Galápagos es uno de los lugares más bonitos que he visto nunca, y eso que mi profesión me ha llevado a viajar por todo el planeta.
Cuando uno viaja a la naturaleza en estado puro suele tener la sensación de estar en otro planeta. Eso es lo que me ha sucedido en Galápagos, y pienso: qué pena. No reconocemos nuestro propio planeta en su versión más virgen porque estamos acostumbrados a ver y convivir con lo que hemos hecho de él. Es como si nos hubiéramos convertido en una plaga que se destruye a sí misma, un sinsentido.
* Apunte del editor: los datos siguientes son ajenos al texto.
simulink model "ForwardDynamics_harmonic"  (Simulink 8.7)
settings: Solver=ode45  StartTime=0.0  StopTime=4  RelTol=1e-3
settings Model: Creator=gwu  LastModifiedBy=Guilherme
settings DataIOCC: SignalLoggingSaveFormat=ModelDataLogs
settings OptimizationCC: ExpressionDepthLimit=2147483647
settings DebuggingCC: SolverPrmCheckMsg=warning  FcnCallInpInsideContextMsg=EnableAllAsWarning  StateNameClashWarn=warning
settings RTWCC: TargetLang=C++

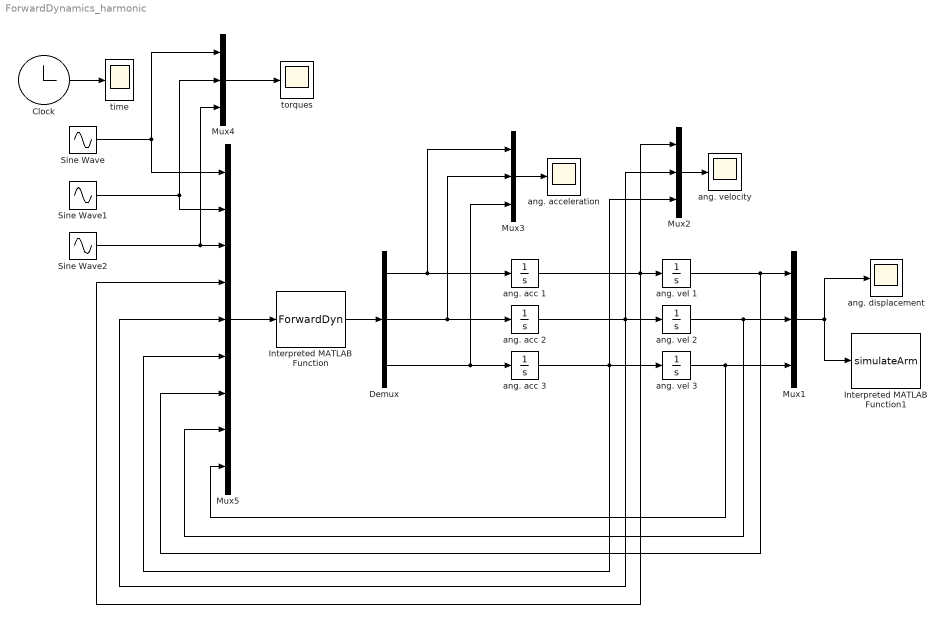
== system ForwardDynamics_harmonic ==
  Clock : Clock
  Demux : Demux  Outputs=3
  Interpreted MATLAB Function : MATLABFcn  MATLABFcn=ForwardDyn  OutputDimensions=3  OutputSignalType=real
  Interpreted MATLAB Function1 : MATLABFcn  MATLABFcn=simulateArm  OutputDimensions=0
  Mux{1..4} (4 alike) : Mux  Inputs=3
  Mux5 : Mux  Inputs=9
  Sine Wave : Sin  Amplitude=-5  Frequency=0.5*pi  SampleTime=0
  Sine Wave1 : Sin  Amplitude=-2  Frequency=pi  SampleTime=0
  Sine Wave2 : Sin  Amplitude=-2  Frequency=pi  SampleTime=0
  ang. acc 1 : Integrator
  ang. acc 2 : Integrator
  ang. acc 3 : Integrator
  ang. acceleration : Scope
  ang. displacement : Scope
  ang. vel 1 : Integrator
  ang. vel 2 : Integrator
  ang. vel 3 : Integrator
  ang. velocity : Scope
  time : Scope
  torques : Scope
  wires:
  ang. acc 1/1 -> Mux5/4, ang. vel 1/1, Mux2/1
  ang. vel 1/1 -> Mux5/7, Mux1/1
  ang. vel 2/1 -> Mux5/8, Mux1/2
  ang. acc 2/1 -> Mux5/5, ang. vel 2/1, Mux2/2
  Sine Wave/1 -> Mux5/1, Mux4/1
  Sine Wave1/1 -> Mux5/2, Mux4/2
  Interpreted MATLAB Function/1 -> Demux/1
  Demux/1 -> ang. acc 1/1, Mux3/1
  Demux/2 -> ang. acc 2/1, Mux3/2
  Mux1/1 -> ang. displacement/1, Interpreted MATLAB Function1/1
  Mux2/1 -> ang. velocity/1
  Mux3/1 -> ang. acceleration/1
  Clock/1 -> time/1
  Mux4/1 -> torques/1
  Mux5/1 -> Interpreted MATLAB Function/1
  Sine Wave2/1 -> Mux4/3, Mux5/3
  Demux/3 -> Mux3/3, ang. acc 3/1
  ang. acc 3/1 -> Mux5/6, Mux2/3, ang. vel 3/1
  ang. vel 3/1 -> Mux5/9, Mux1/3
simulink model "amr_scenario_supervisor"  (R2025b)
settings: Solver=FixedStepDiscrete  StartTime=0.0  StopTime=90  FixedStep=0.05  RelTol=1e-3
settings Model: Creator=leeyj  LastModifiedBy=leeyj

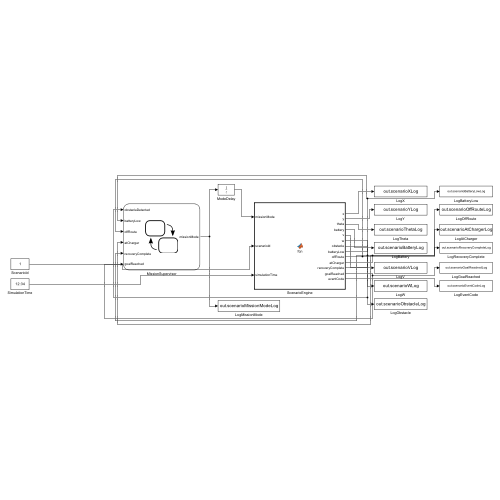
[thumbnail: Simulink's stored preview of the top-level diagram]
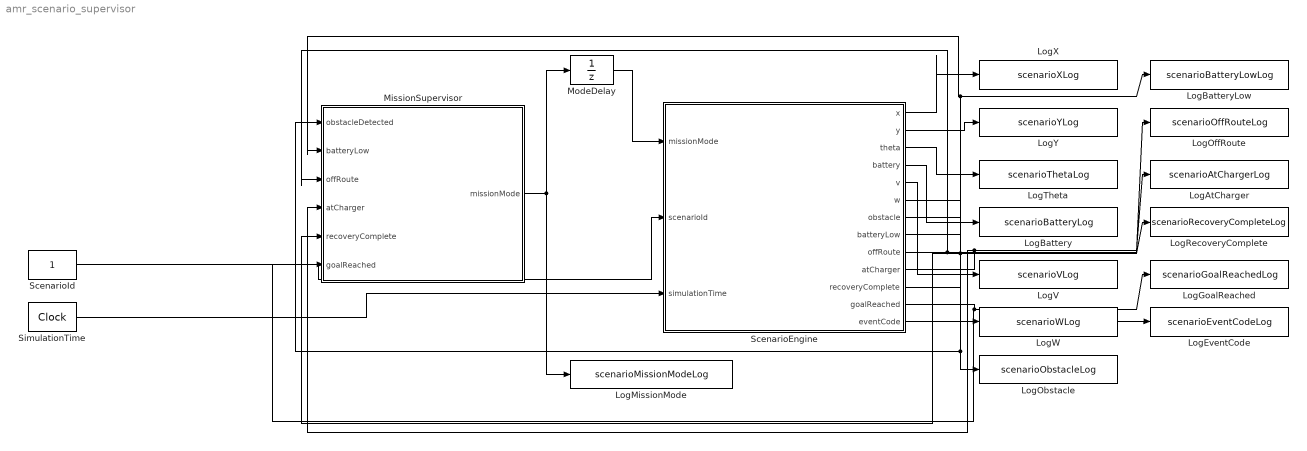
== system amr_scenario_supervisor ==
  LogAtCharger : ToWorkspace  VariableName=scenarioAtChargerLog  SaveFormat=Timeseries  SampleTime=-1
  LogBattery : ToWorkspace  VariableName=scenarioBatteryLog  SaveFormat=Timeseries  SampleTime=-1
  LogBatteryLow : ToWorkspace  VariableName=scenarioBatteryLowLog  SaveFormat=Timeseries  SampleTime=-1
  LogEventCode : ToWorkspace  VariableName=scenarioEventCodeLog  SaveFormat=Timeseries  SampleTime=-1
  LogGoalReached : ToWorkspace  VariableName=scenarioGoalReachedLog  SaveFormat=Timeseries  SampleTime=-1
  LogMissionMode : ToWorkspace  VariableName=scenarioMissionModeLog  SaveFormat=Timeseries  SampleTime=-1
  LogObstacle : ToWorkspace  VariableName=scenarioObstacleLog  SaveFormat=Timeseries  SampleTime=-1
  LogOffRoute : ToWorkspace  VariableName=scenarioOffRouteLog  SaveFormat=Timeseries  SampleTime=-1
  LogRecoveryComplete : ToWorkspace  VariableName=scenarioRecoveryCompleteLog  SaveFormat=Timeseries  SampleTime=-1
  LogTheta : ToWorkspace  VariableName=scenarioThetaLog  SaveFormat=Timeseries  SampleTime=-1
  LogV : ToWorkspace  VariableName=scenarioVLog  SaveFormat=Timeseries  SampleTime=-1
  LogW : ToWorkspace  VariableName=scenarioWLog  SaveFormat=Timeseries  SampleTime=-1
  LogX : ToWorkspace  VariableName=scenarioXLog  SaveFormat=Timeseries  SampleTime=-1
  LogY : ToWorkspace  VariableName=scenarioYLog  SaveFormat=Timeseries  SampleTime=-1
  MissionSupervisor : Stateflow chart  TreatAsAtomicUnit=on
  ModeDelay : UnitDelay  SampleTime=0.05  HasFrameUpgradeWarning=on
  ScenarioEngine : MATLAB Function  TreatAsAtomicUnit=on
  ScenarioId : Constant
  SimulationTime : DigitalClock  SampleTime=0.05
  wires:
  ModeDelay/1 -> ScenarioEngine/1(missionMode)
  ScenarioId/1 -> ScenarioEngine/2(scenarioId)
  SimulationTime/1 -> ScenarioEngine/3(simulationTime)
  ScenarioEngine/1(x) -> LogX/1
  ScenarioEngine/2(y) -> LogY/1
  ScenarioEngine/3(theta) -> LogTheta/1
  ScenarioEngine/4(battery) -> LogBattery/1
  ScenarioEngine/5(v) -> LogV/1
  ScenarioEngine/6(w) -> LogW/1
  ScenarioEngine/7(obstacle) -> MissionSupervisor/1(obstacleDetected), LogObstacle/1
  ScenarioEngine/8(batteryLow) -> LogBatteryLow/1, MissionSupervisor/2(batteryLow)
  ScenarioEngine/9(offRoute) -> LogOffRoute/1, MissionSupervisor/3(offRoute)
  ScenarioEngine/10(atCharger) -> LogAtCharger/1, MissionSupervisor/4(atCharger)
  ScenarioEngine/11(recoveryComplete) -> LogRecoveryComplete/1, MissionSupervisor/5(recoveryComplete)
  ScenarioEngine/12(goalReached) -> LogGoalReached/1, MissionSupervisor/6(goalReached)
  ScenarioEngine/13(eventCode) -> LogEventCode/1
  MissionSupervisor/1(missionMode) -> ModeDelay/1, LogMissionMode/1

== matlab function amr_scenario_supervisor/ScenarioEngine ==
  data: x output double size=1; missionMode input uint8 size=1; y output double size=1; scenarioId input double size=1; simulationTime input double size=1; theta output double size=1; battery output double size=1; v output double size=1; w output double size=1; obstacle output boolean size=1; batteryLow output boolean size=1; offRoute output boolean size=1; atCharger output boolean size=1; recoveryComplete output boolean size=1; goalReached output boolean size=1; eventCode output uint8 size=1
function [x,y,theta,battery,v,w,obstacle,batteryLow,offRoute,atCharger,recoveryComplete,goalReached,eventCode] = fcn(missionMode,scenarioId,simulationTime)
coder.extrinsic('amr.scenarios.scenarioEngineStep');
x=0.0; y=0.0; theta=0.0; battery=0.0; v=0.0; w=0.0;
obstacle=false; batteryLow=false; offRoute=false; atCharger=false; recoveryComplete=false; goalReached=false; eventCode=uint8(0);
[x,y,theta,battery,v,w,obstacle,batteryLow,offRoute,atCharger,recoveryComplete,goalReached,eventCode] = amr.scenarios.scenarioEngineStep(uint8(missionMode),scenarioId,simulationTime);

== stateflow chart amr_scenario_supervisor/MissionSupervisor ==
  state Rerouting
    entry,during:
    missionMode = uint8(7);
  state OffRouteStop
    entry,during:
    missionMode = uint8(6);
  state Initializing
    entry,during:
    missionMode = uint8(0);
  state Completed
    entry,during:
    missionMode = uint8(8);
  state Charging
    entry,during:
    missionMode = uint8(5);
  state Delivering
    entry,during:
    missionMode = uint8(1);
  state ReturnToCharger
    entry,during:
    missionMode = uint8(4);
  state ObstacleStop
    entry,during:
    missionMode = uint8(2);
  state AvoidingObstacle
    entry,during:
    missionMode = uint8(3);
  (default) -> Initializing
  OffRouteStop -> Rerouting : after(1,sec)
  Rerouting -> Delivering : [recoveryComplete]
  Delivering -> OffRouteStop [order 3] : [offRoute]
  Initializing -> Delivering : after(1,sec)
  Delivering -> Completed [order 4] : [goalReached]
  Delivering -> ObstacleStop [order 1] : [obstacleDetected]
  Charging -> Delivering : [recoveryComplete]
  AvoidingObstacle -> Delivering : [recoveryComplete]
  Delivering -> ReturnToCharger [order 2] : [batteryLow]
  ReturnToCharger -> Charging : [atCharger]
  ObstacleStop -> AvoidingObstacle : after(1,sec)
  data: obstacleDetected input boolean; batteryLow input boolean; offRoute input boolean; atCharger input boolean; recoveryComplete input boolean; goalReached input boolean; missionMode output uint8
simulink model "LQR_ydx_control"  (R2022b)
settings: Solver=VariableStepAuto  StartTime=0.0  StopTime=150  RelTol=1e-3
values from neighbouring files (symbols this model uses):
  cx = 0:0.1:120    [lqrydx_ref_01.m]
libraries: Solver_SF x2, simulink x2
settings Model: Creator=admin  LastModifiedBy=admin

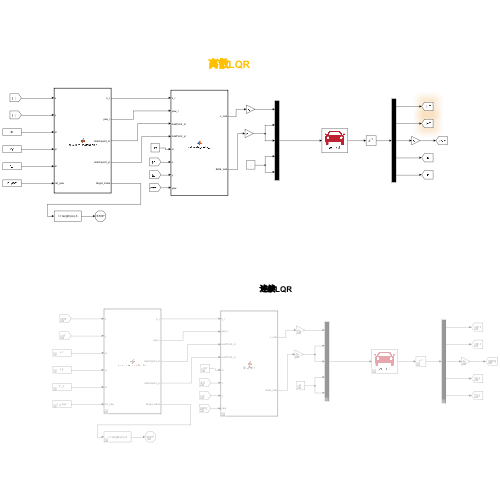
[thumbnail: Simulink's stored preview of the top-level diagram]
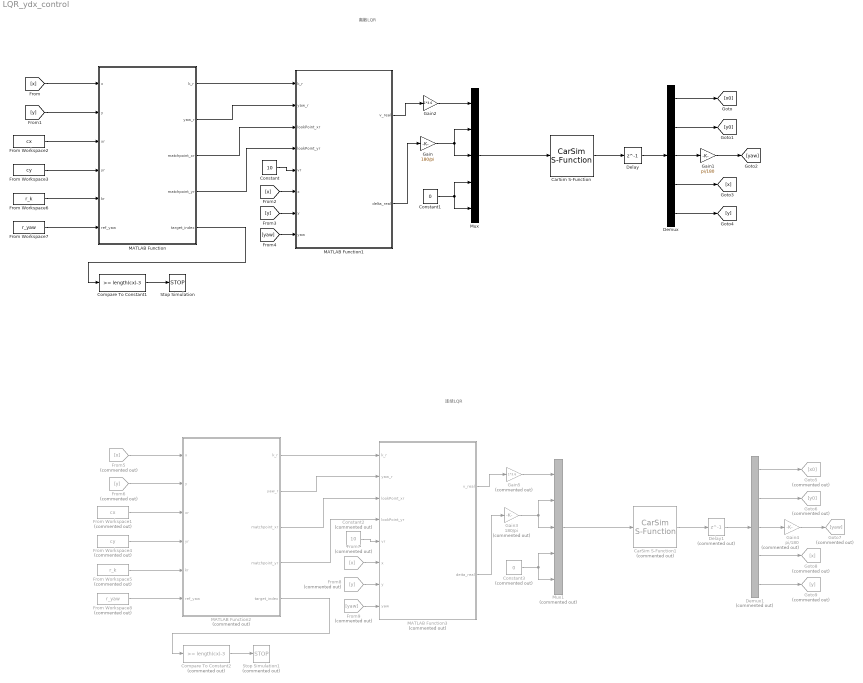
== system LQR_ydx_control ==
  note: 连续LQR
  note: 离散LQR
  CarSim S-Function : Solver_SF/CarSim S-Function  Priority=1  SIMFILE=simfile.sim  Run_RTs=off  vs_state_ind=Run  StopMode_ind=Vehicle Model
  CarSim S-Function1 : Solver_SF/CarSim S-Function  Priority=1  Commented=on  SIMFILE=simfile.sim  Run_RTs=off  vs_state_ind=Run  StopMode_ind=Vehicle Model
  Compare To Constant1 : simulink/Logic and Bit Operations/Compare To Constant  relop=>=  const=length(cx)-3  OutDataTypeStr=boolean
  Compare To Constant2 : simulink/Logic and Bit Operations/Compare To Constant  Commented=on  relop=>=  const=length(cx)-3  OutDataTypeStr=boolean
  Constant : Constant  Value=10
  Constant1 : Constant  Value=0
  Constant2 : Constant  Commented=on  Value=10
  Constant3 : Constant  Commented=on  Value=0
  Delay : Delay  DelayLength=1
  Delay1 : Delay  Commented=on  DelayLength=1
  Demux : Demux  Outputs=5
  Demux1 : Demux  Commented=on  Outputs=5
  From Workspace1 : FromWorkspace  Commented=on  VariableName=cx
  From Workspace2 : FromWorkspace  VariableName=cx
  From Workspace3 : FromWorkspace  VariableName=cy
  From Workspace4 : FromWorkspace  Commented=on  VariableName=cy
  From Workspace5 : FromWorkspace  Commented=on  VariableName=r_k
  From Workspace6 : FromWorkspace  VariableName=r_k
  From Workspace7 : FromWorkspace  VariableName=r_yaw
  From Workspace8 : FromWorkspace  Commented=on  VariableName=r_yaw
  From5 : From  Commented=on  GotoTag=x
  From6 : From  Commented=on  GotoTag=y
  From7 : From  Commented=on  GotoTag=x
  From8 : From  Commented=on  GotoTag=y
  From9 : From  Commented=on  GotoTag=yaw
  Gain : Gain  Gain=180/pi
  Gain1 : Gain  Gain=pi/180
  Gain2 : Gain  Gain=1*3.6
  Gain3 : Gain  Commented=on  Gain=180/pi
  Gain4 : Gain  Commented=on  Gain=pi/180
  Gain5 : Gain  Commented=on  Gain=1*3.6
  Goto5 : Goto  Commented=on  GotoTag=x0
  Goto6 : Goto  Commented=on  GotoTag=y0
  Goto7 : Goto  Commented=on  GotoTag=yaw
  Goto8 : Goto  Commented=on  GotoTag=x
  Goto9 : Goto  Commented=on  GotoTag=y
  MATLAB Function : MATLAB Function  TreatAsAtomicUnit=on
  MATLAB Function1 : MATLAB Function  TreatAsAtomicUnit=on
  MATLAB Function2 : MATLAB Function  Commented=on  TreatAsAtomicUnit=on
  MATLAB Function3 : MATLAB Function  Commented=on  TreatAsAtomicUnit=on
  Mux : Mux  Inputs=5
  Mux1 : Mux  Commented=on  Inputs=5
  Stop Simulation : Stop
  Stop Simulation1 : Stop  Commented=on
  wires:
  Gain2/1 -> Mux/1
  Gain/1 -> Mux/3, Mux/2
  Constant1/1 -> Mux/4, Mux/5
  Demux/1 -> [x0]
  Demux/2 -> [y0]
  Demux/3 -> Gain1/1
  Gain1/1 -> [yaw]
  Demux/4 -> [x]
  Demux/5 -> [y]
  [x] -> MATLAB Function/1(x)
  [y] -> MATLAB Function/2(y)
  From Workspace2/1 -> MATLAB Function/3(xr)
  From Workspace3/1 -> MATLAB Function/4(yr)
  From Workspace6/1 -> MATLAB Function/5(kr)
  From Workspace7/1 -> MATLAB Function/6(ref_yaw)
  Mux/1 -> CarSim S-Function/1
  CarSim S-Function/1 -> Delay/1
  Delay/1 -> Demux/1
  MATLAB Function/5(target_index) -> Compare To Constant1/1
  Compare To Constant1/1 -> Stop Simulation/1
  MATLAB Function/1(k_r) -> MATLAB Function1/1(k_r)
  MATLAB Function/2(yaw_r) -> MATLAB Function1/2(yaw_r)
  MATLAB Function/3(matchpoint_xr) -> MATLAB Function1/3(lookPoint_xr)
  MATLAB Function/4(matchpoint_yr) -> MATLAB Function1/4(lookPoint_yr)
  [x] -> MATLAB Function1/6(x)
  [y] -> MATLAB Function1/7(y)
  [yaw] -> MATLAB Function1/8(yaw)
  Constant/1 -> MATLAB Function1/5(vr)
  MATLAB Function1/1(v_real) -> Gain2/1
  MATLAB Function1/2(delta_real) -> Gain/1
  From Workspace1/1 -> MATLAB Function2/3(xr)
  From Workspace4/1 -> MATLAB Function2/4(yr)
  MATLAB Function3/2(deita_real) -> Gain3/1
  Mux1/1 -> CarSim S-Function1/1
  Delay1/1 -> Demux1/1
  Constant2/1 -> MATLAB Function3/5(vr)
  MATLAB Function2/3(matchpoint_xr) -> MATLAB Function3/3(lookPoint_xr)
  From9/1 -> MATLAB Function3/8(yaw)
  MATLAB Function2/2(yaw_r) -> MATLAB Function3/2(yaw_r)
  Gain3/1 -> Mux1/3, Mux1/2
  MATLAB Function2/4(matchpoint_yr) -> MATLAB Function3/4(lookPoint_yr)
  From5/1 -> MATLAB Function2/1(x)
  From7/1 -> MATLAB Function3/6(x)
  MATLAB Function3/1(v_real) -> Gain5/1
  From Workspace5/1 -> MATLAB Function2/5(kr)
  MATLAB Function2/1(k_r) -> MATLAB Function3/1(k_r)
  Demux1/1 -> Goto5/1
  Demux1/4 -> Goto8/1
  Demux1/3 -> Gain4/1
  Demux1/5 -> Goto9/1
  CarSim S-Function1/1 -> Delay1/1
  From Workspace8/1 -> MATLAB Function2/6(ref_yaw)
  Gain4/1 -> Goto7/1
  From6/1 -> MATLAB Function2/2(y)
  Constant3/1 -> Mux1/4, Mux1/5
  Gain5/1 -> Mux1/1
  MATLAB Function2/5(target_index) -> Compare To Constant2/1
  From8/1 -> MATLAB Function3/7(y)
  Demux1/2 -> Goto6/1
  Compare To Constant2/1 -> Stop Simulation1/1

== matlab function LQR_ydx_control/MATLAB Function1 ==
  data: k_r input; v_real output; yaw_r input; lookPoint_xr input; lookPoint_yr input; vr input; x input; y input; yaw input; delta_real output
function [v_real, delta_real] = calculate_delta_f(k_r,yaw_r,lookPoint_xr, lookPoint_yr,vr,x,y,yaw)
    L=2.6;                           %车长
    r_Delta = atan(L*k_r);           %参考的前轮转角，有固定公式
    
    x_error  = x - lookPoint_xr;     %x方向误差
    y_error = y - lookPoint_yr;      %y方向误差
    yaw_error =  yaw - yaw_r;        %横摆角误差
    e_X=[x_error;y_error;yaw_error]; %状态方程中的状态，即 x误差,y误差,横摆角误差
    
    %% 离散状态空间方程：Xk+1=AXk+Buk 对应的矩阵
    dt=0.05;                         %仿真步长
    A = [1,  0,  -vr*dt*sin(yaw_r);
         0,  1,  vr * dt * cos(yaw_r);
         0,  0,  1];
    B = [dt * cos(yaw_r),    0;
         dt * sin(yaw_r),    0;
         dt * tan(yaw_r)/L,  vr*dt/(L * cos(r_Delta)^2)];
    %% 目标函数对应的Q,R矩阵设置
    Q=[200,  0,  0;                  %权重矩阵Q
         0,  200,  0;
         0,  0,  80];
    
    R=[7,  0;                        %权重矩阵R
         0,  20];
    
    %% 求解P矩阵，稳住，按给定步骤求解即可
    % 终止条件定义
    iter_max = 500;                  %最大迭代次数
    epsilon = 0.01;                  %允许误差
    
    P_old = Q;
    for i = 1:iter_max
        P_new = A' * P_old * A - (A' * P_old * B)/(R + B' * P_old * B) *( B' * P_old * A) +Q;
        if abs(P_new - P_old) <= epsilon
            break
        else
            P_old = P_new; 
        end
    end
    
    P = P_new;                       %最终P矩阵
    %% 求得P矩阵后，根据公式，得到状态反馈增益K,并得到控制律
    K = (B' * P * B + R) \ (B' * P * A);  
    u = -K * e_X;                    %控制率，u=-kx，2行1列
    %% 最终转换
    v_delta = u(1);      
    Delta_delta = u(2);
    
    v_real=vr+v_delta;                  %最终控制量速度：V
    delta_real=r_Delta+Delta_delta;     %最终控制量前轮转角：deita
end

== matlab function LQR_ydx_control/MATLAB Function ==
  data: x input; k_r output; y input; xr input; yr input; kr input; ref_yaw input; yaw_r output; matchpoint_xr output; matchpoint_yr output; target_index output
function [k_r, yaw_r, matchpoint_xr, matchpoint_yr, target_index] = calculate_matchpoint(x,y,xr,yr,kr,ref_yaw)
    total_point = length(xr);
    min_distance = (xr(1) - x)^2 + (yr(1) - y)^2;
    min_index = 0;
    for i = 1:total_point
        distance = (xr(i) - x)^2 + (yr(i) - y)^2;
        if distance < min_distance
           min_distance = distance;
           min_index = i;
        end
    end

    if min_index <=1
        min_index = 1;
    end

    target_index = min_index;
    matchpoint_xr = xr(target_index);
    matchpoint_yr = yr(target_index);
    k_r = kr(target_index);
    yaw_r = ref_yaw(target_index);
end

== matlab function LQR_ydx_control/MATLAB Function2 ==
  data: x input; k_r output; y input; xr input; yr input; kr input; ref_yaw input; yaw_r output; matchpoint_xr output; matchpoint_yr output; target_index output
function [k_r, yaw_r, matchpoint_xr, matchpoint_yr, target_index] = calculate_matchpoint(x,y,xr,yr,kr,ref_yaw)
    total_point = length(xr);
    min_distance = (xr(1) - x)^2 + (yr(1) - y)^2;
    min_index = 0;
    for i = 1:total_point
        distance = (xr(i) - x)^2 + (yr(i) - y)^2;
        if distance < min_distance
           min_distance = distance;
           min_index = i;
        end
    end

    if min_index <=1
        min_index = 1;
    end

    target_index = min_index;
    matchpoint_xr = xr(target_index);
    matchpoint_yr = yr(target_index);
    k_r = kr(target_index);
    yaw_r = ref_yaw(target_index);
end

== matlab function LQR_ydx_control/MATLAB Function3 ==
  data: k_r input; v_real output; yaw_r input; lookPoint_xr input; lookPoint_yr input; vr input; x input; y input; yaw input; deita_real output
function [v_real,deita_real] = findPoint(k_r,yaw_r,lookPoint_xr, lookPoint_yr,vr,x,y,yaw)

L=2.6;                              %车长
r_Delta = atan(L*k_r);              %参考的前轮转角

x_error  = x - lookPoint_xr;        %x方向误差
y_error = y - lookPoint_yr;         %y方向误差
yaw_error =  yaw - yaw_r;           %横摆角误差
e_X=[x_error;y_error;yaw_error];    %状态方程中的状态

% X=AX+Bu 由状态方程系数矩阵
A = [0,  0,  -vr*sin(yaw_r);
     0,  0,  vr* cos(yaw_r);
     0,  0,  0];
B = [ cos(yaw_r),    0;
      sin(yaw_r),    0;
     tan(yaw_r)/L,  vr/(L * cos(r_Delta)^2)];

Q=[200,  0,  0;                     %权重矩阵Q
     0,  200,  0;
     0,  0,  80];
R=[7,  0;                           %权重矩阵R
     0,  20];

coder.extrinsic('lqr');             %此代码使在MATLAB function模块中可以使用求解工具lqr()
K=[ 0,    0,   0;
    0,    0,   0];
K = lqr(A,B,Q,R);                   %使用MATLAB工具求K

u = -K * e_X;                       %由反馈K得出最终控制量：u=-Kx

%控制律最终转换
v_delta = u(1);      
Delta_delta = u(2);
v_real=vr+v_delta;                  %最终控制量速度：V
deita_real=r_Delta+Delta_delta;     %最终控制量前轮转角：deita
end

El respeto por la naturaleza que se respira en Galápagos es impresionante. Las islas son parque nacional y Patrimonio Natural de la Humanidad, por eso las visitas y el tráfico marítimo están muy restringidos y debe acompañarte un guía en todo momento. El aviso nada más llegar es muy claro: la experiencia como turista es de observador (o, yo diría, de admirador), no puedes tocar ningún animal y debes mantener una distancia mínima de 2m con ellos para no alterar su ecosistema.
Cada isla es un volcán que salió del fondo del mar hasta aparecer en la superficie. En su origen eran mantos de lava en los que no habitaban fauna ni flora, pero con el paso de miles de años y por causas naturales como inundaciones, tormentas y movimientos sísmicos con desprendimientos de tierra en los que la vegetación y los animales se veían arrastrados al océano, más lo que el ser humano ha traído, diferentes formas de vida llegaron a este archipiélago desde el continente. Todas las especies que lo hicieron por causas naturales tuvieron que adaptarse a un medio inhóspito para sobrevivir.
Esto es lo que hace de este lugar un ecosistema único y un foco de estudio de la evolución de las especies, siendo Darwin el primero que emprendió esta investigación. Es alucinante el hecho de que haya más reptiles que mamíferos, cuando lo normal es lo contrario, o poder ver especies endémicas como las iguanas negras que aprendieron a nadar para buscar su comida y acabaron alimentándose de algas, que era el único alimento que encontraron al llegar.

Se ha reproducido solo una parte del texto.